TPM is the solution (kind of...)
A possible fix emerges from the explanation of RPKM's inconsistency above. Transcript length distributions can vary between samples and that introduces an inconsistency in RPKM calculation. So, instead of dividing by the total number of sequenced reads (\( R \)) for a given sample, we can instead divide by the total number of length-normalized reads. This unit, transcripts per million fragments sequenced (TPM), was introduced originally in Li et al. Bioinformatics, 2010 and further supported in Wagner et al. Theory Biosci., 2012. Compare the TPM equation with CPM and RPKM's, re-written here for direct comparison. For simplicity, sample normalization factor scaling of library size is excluded. $$ \text{CPM}_i = \dfrac{r_i}{\sum_{j=1}^n r_j} \cdot 10^6 $$ $$ \text{RPKM}_i = \dfrac{r_i}{\sum_{j=1}^n r_j} \cdot \dfrac{1}{\dfrac{l_i}{10^3}} \cdot 10^6 $$ $$ \text{TPM}_i = \dfrac{r_i}{\sum_{j=1}^n \dfrac{r_j}{l_j}} \cdot \dfrac{1}{l_i} \cdot 10^6 $$
The interpretation is that \( TPM_i \) represents the number of transcripts of feature \(i \) found in a total number of one million transcripts. Interestingly, we can easily convert RPKM values to TPM by simply dividing each feature's RPKM by the sum of the RPKM values of all features and multiplying by one million. In fact, TPM is really just RPKM scaled by a constant to correct the sum of all values to 1 million. $$ \begin{aligned} \text{TPM}_i &= \dfrac{\text{RPKM}_i}{\sum_{j=1}^n \text{RPKM}_j } \cdot 10^6 \end{aligned} $$
Calculating TPM
Armed with this information, we can convert RPKM to TPM in two different
ways: from pre-calculated RPKM, by diving by the sum of RPKM values, or directly
from the normalized counts. Below I have written some example R code to
calculate TPM starting from RPKM values computed using edgeR's
# Start from feature summarization data (as an edgeR DGEList object)

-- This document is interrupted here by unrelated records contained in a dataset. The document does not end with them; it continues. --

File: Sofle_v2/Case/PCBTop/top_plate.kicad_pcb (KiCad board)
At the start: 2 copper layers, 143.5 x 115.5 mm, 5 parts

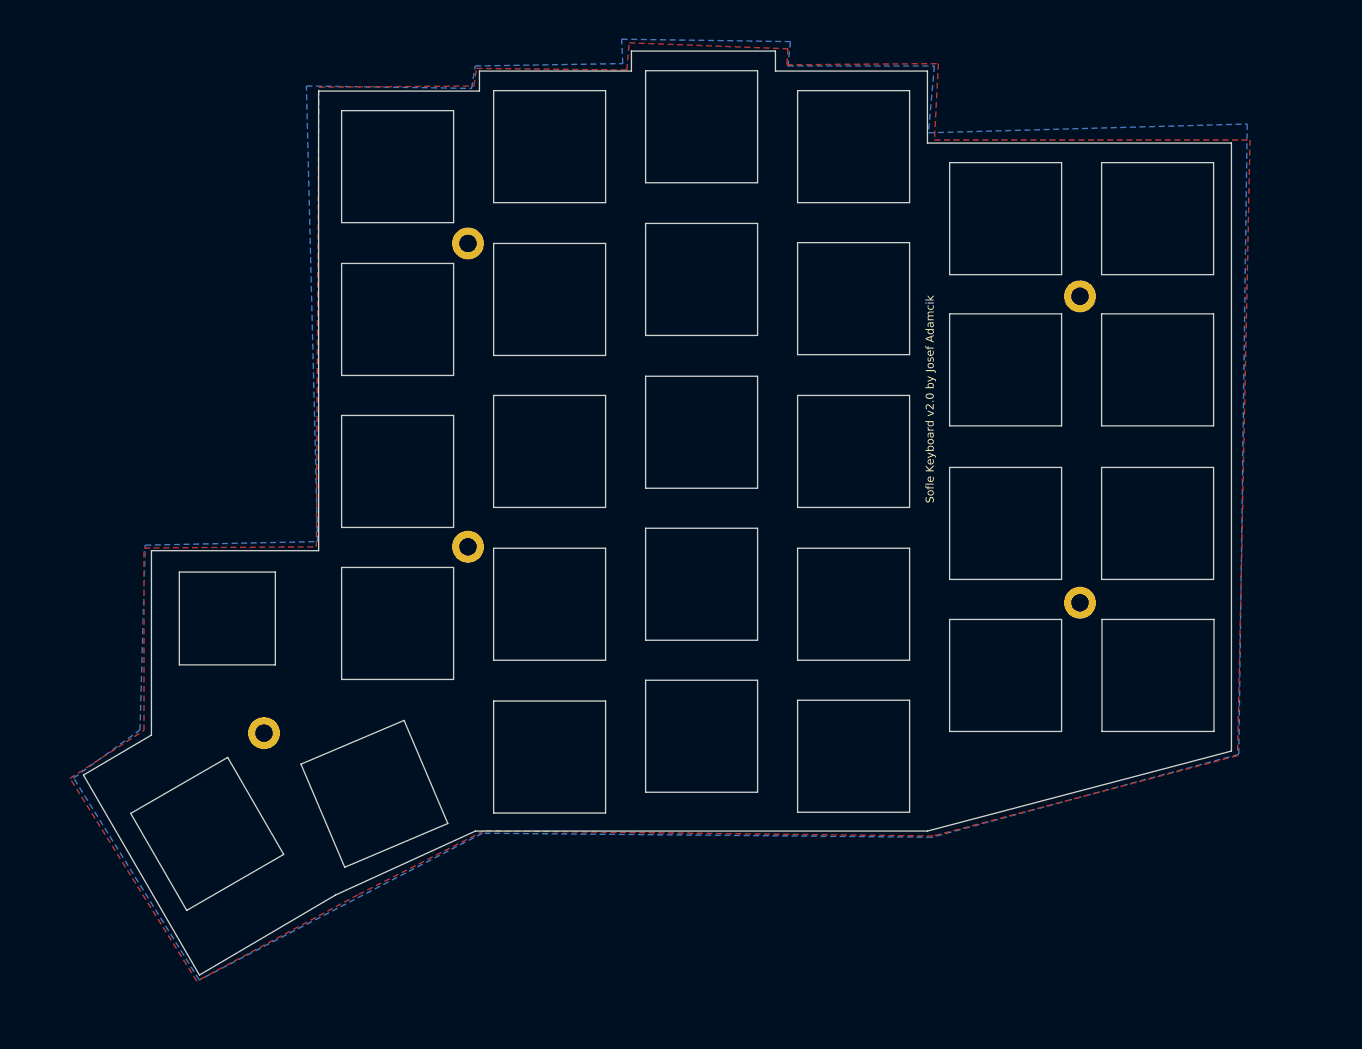
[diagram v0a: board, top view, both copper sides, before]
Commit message: Enlarge cutout for encoder in the top plate for versin 2
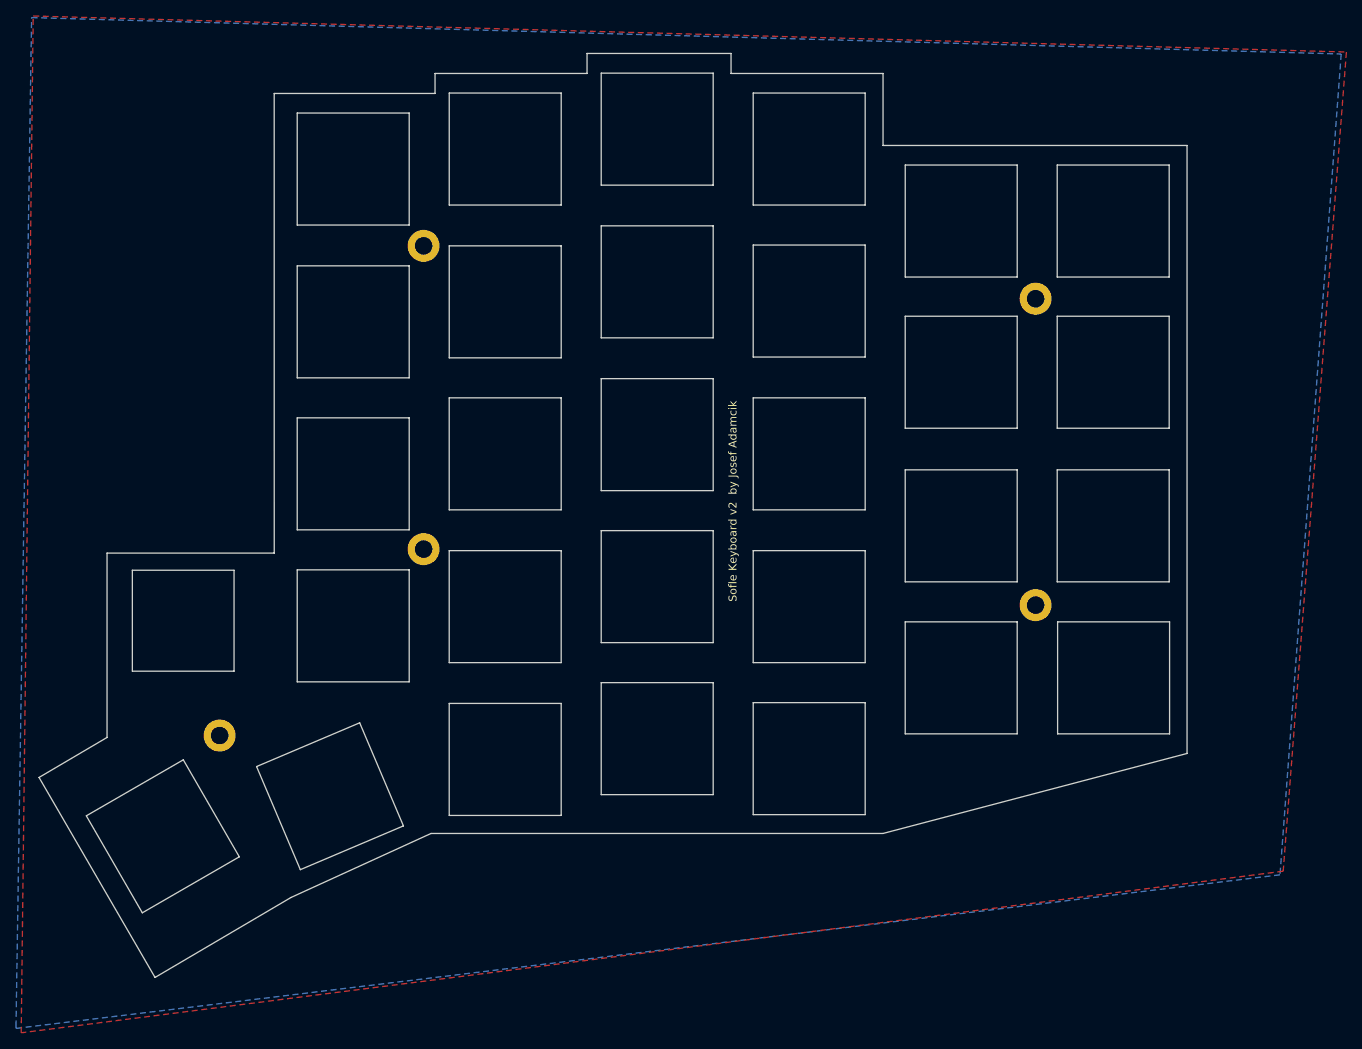
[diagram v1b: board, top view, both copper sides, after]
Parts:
- removed the ? at (72.3, 50.2)
- removed the ? at (148.8, 56.8)
- removed the ? at (148.8, 95.1)
- removed the ? at (46.8, 111.4)
- removed the ? at (72.3, 88.1)
- added ?: , Wire_Pads:SolderWirePad_single_0-8mmDrill, B.Cu at (66.7, 50.5)
- added ?: , Wire_Pads:SolderWirePad_single_0-8mmDrill, B.Cu at (143.2, 57.1)
- added ?: , Wire_Pads:SolderWirePad_single_0-8mmDrill, F.Cu at (143.2, 95.4)
- added ?: , Wire_Pads:SolderWirePad_single_0-8mmDrill, F.Cu at (41.2, 111.7)
- added ?: , Wire_Pads:SolderWirePad_single_0-8mmDrill, F.Cu at (66.7, 88.4)
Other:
- outline, holes or cut-outs redrawn
- board text added: "Sofle Keyboard v2 by Josef Adamcik"
- board text removed: "Sofle Keyboard v2.0 by Josef Adamcik"

# Filter-out low expression features, perform sample normalization and calculate RPKM
y <- edgeR::calcNormFactors(y)
y <- edgeR::rpkm(y)
# Calculate TPM from RPKM
tpm_from_rpkm <- function(x) {
rpkm.sum <- colSums(x)
return(t(t(x) / (1e-06 * rpkm.sum)))
}
tpm <- tpm_from_rpkm(y)
And the following is a simple implementation of TPM computation starting from edgeR-normalized counts.
# Start from feature summarization data (as an edgeR DGEList object)
# Filter-out low expression features and perform sample normalization
y <- edgeR::calcNormFactors(y)
# Calculate TPM from normalized counts
calc_tpm <- function(x, gene.length) {
x <- as.matrix(x)
len.norm.lib.size <- colSums(x / gene.length)
return((t(t(x) / len.norm.lib.size) * 1e06) / gene.length)
}
tpm_man <- calc_tpm(y, gene.length = y$genes$Length)
TPM accounts for the lengths of all transcripts found in the sample and thus brings us one step closer to a good solution. This unit is more stable across samples than RPKM. However, the abundances of all transcripts will still change between samples, meaning that the denominator of the TPM equation (sum of length-normalized read counts) is still variable. This way, TPM is not directly comparable between experiments either.
Conclusion
So if no unit is perfect, how are we supposed to analyse differential feature expression? Maybe a better unit will be developed at some point, but in the mean time CPM is an appropriate unit for inter-sample comparison. When comparing feature expression within samples, TPM should be used instead of RPKM/FPKM.
If you want to dive deeper in the subject of why TPM is a better unit than RPKM/FPKM, besides the papers I cited above I would recommend two very informative blog posts published in Bits of DNA (by Prof. Lior Pachter) and The Farago (by Prof. Pachter's student Harold Pimentel).